Arendt and the drones

What would Hannah Arendt think about Drones, and should we agree with her? Much distrust of drones, argues Abu Muqawama, comes from the same tradition as Arendt’s horror at the ‘banality of evil’. Its model of evil is the Nazi bureaucrat, efficiently implementing Genocide while mentally insulated from the reality.

Arendt tapped into a wave of humanistic sentiment that prefigured her journalism, and she popularized the fantasy of the ice-cold bureaucratic murderer. As wrong as she was [Muqawama considers Eichmann as much idealist as pen-pusher], she crafted a compelling narrative of a sociotechnical system that diminished the humanity of the men who operated it and killed millions.

So drone operators, like Eichmann, can be simultaneously driven by scientific rationalism and by rabid murderous ideology. Um, great!

Or to put a kinder spin on it: drone pilots are subject to the same passions as soldiers in the field. But, being in a less brutal environment, they might be more open to compassion than to revenge:

in what universe does does a 19-year old rifleman who took to war directly from high school prom, who has just seen his friend lose his limbs a week before in a IED attack, somehow become an a priori better choice than a Air Force officer sitting in a Creech Air Force Base trailer?

Roadkill evolution

Swallows have evolved to better dodge cars, according to an article in

Current Biology

. They are gradually getting shorter wings, which help them fly up from the road and swerve around cars.

During a 30-year study on social behavior and coloniality of cliff swallows (Petrochelidon pyrrhonota) in southwestern Nebraska, we found that the frequency of road-killed swallows declined sharply over the 30 years following the birds’ occupancy of roadside nesting sites and that birds killed on roads had longer wings than the population at large.

[via]

Bits and Pieces

Intriguing (and comprehensible) article on the ABC Conjecture, a famous mathematical problem that might — or might not — have been solved last year. After 10 years of quiet work, Shinichi Mochizuki dumped a dense 500-page quartet of papers on the world. Mathematicians are having trouble digesting them:

This is not just gibberish to the average layman. It was gibberish to the math community as well.

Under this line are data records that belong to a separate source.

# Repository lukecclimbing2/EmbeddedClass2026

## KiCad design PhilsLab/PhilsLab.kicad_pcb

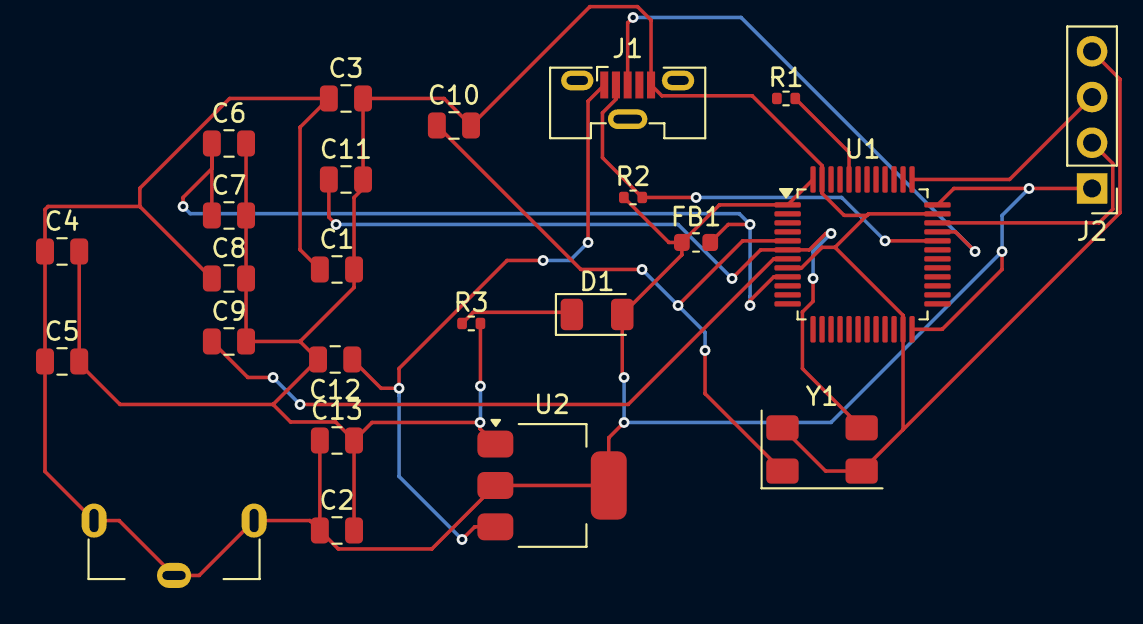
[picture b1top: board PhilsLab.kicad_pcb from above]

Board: 2 copper layers, 24 parts (0 on the bottom side), 13 nets.

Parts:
C1, C2, C3, C4, C9: 100n; C_0805_2012Metric
C5: 10u; C_0805_2012Metric
C6: 10n; C_0805_2012Metric
C7, C8: 1u; C_0805_2012Metric
C10, C11: 10p; C_0805_2012Metric
C12, C13: 22u; C_0805_2012Metric
D1: LED; LED_1206_3216Metric
FB1: 120R; L_0603_1608Metric
J1: USB_B_Micro; USB_Micro-B_Molex-105133-0031
J2: Conn_01x04_Pin; PinHeader_1x04_P2.54mm_Vertical
R1: 10k; R_0402_1005Metric
R2: 1k5; R_0402_1005Metric
R3: 1K5; R_0402_1005Metric
SW1: SW_SPDT; BatteryHolder_Keystone_590
U1: STM32F103C8Tx; LQFP-48_7x7mm_P0.5mm
U2: AMS1117; SOT-223-3_TabPin2
Y1: Crystal_GND24; Crystal_SMD_0603-4Pin_6.0x3.5mm

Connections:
+3.3V: C1.1, C2.1, C3.1, C4.1, C5.1, C8.1, C13.1, D1.2 (A), FB1.1, J2.1, R2.1, SW1.1 (A), U1.1 (VBAT), U1.24 (VDD), U1.36 (VDD), U1.48 (VDD), U2.2 (VO)
+3.3VA: C6.1, C7.1, FB1.2, U1.9 (VDDA)
GND: C1.2, C2.2, C3.2, C4.2, C5.2, C6.2, C7.2, C8.2, C9.2, C10.2, C11.2, C12.2, C13.2, J1.5 (GND), J2.4, R3.2, U1.8 (VSSA), U1.23 (VSS), U1.35 (VSS), U1.47 (VSS), U2.1 (ADJ), Y1.2 (G), Y1.4 (G)
unnamed: D1.1 (K), R3.1
unnamed: J1.3 (D+), U1.33 (PA12)
unnamed: J1.2 (D-), R2.2, U1.32 (PA11)
unnamed: J2.2, U1.34 (PA13)
unnamed: J2.3, U1.37 (PA14)
unnamed: R1.2, U1.44 (BOOT0)
unnamed: C9.1, U1.7 (NRST)
unnamed: C10.1, U1.5 (PD0), Y1.1
unnamed: C11.1, U1.6 (PD1), Y1.3
VBUS: C12.1, J1.1 (VBUS), U2.3 (VI)

“Looking at it, you feel a bit like you might be reading a paper from the future, or from outer space,” wrote Ellenberg on his blog.

“It’s very, very weird,” says Columbia University professor Johan de Jong, who works in a related field of mathematics.

Mochizuki had created so many new mathematical tools and brought together so many disparate strands of mathematics that his paper was populated with vocabulary that nobody could understand. It was totally novel, and totally mystifying.

Molly Crabapple was a schoolage malcontent:

In The Medicalization of Deviance, Peter Conrad says that what was once conceived of as sin, then crime, became illness. School kids are labelled with all three. Brown kids in broke schools are seen as minicriminals. Police detain them for doodling on their own backpacks. In religious areas, queer kids are sinners.

For white kids in decent schools, adolescent rebellion is something for psychiatrists to treat. For them, school is taken as a hard-wired part of evolution. You’re broken if you can’t sit in class.

Crabapple eventually gets a quite wonderful diagnosis: “Oppositional Deviant Disorder”. Truly, America is master of the medical approach.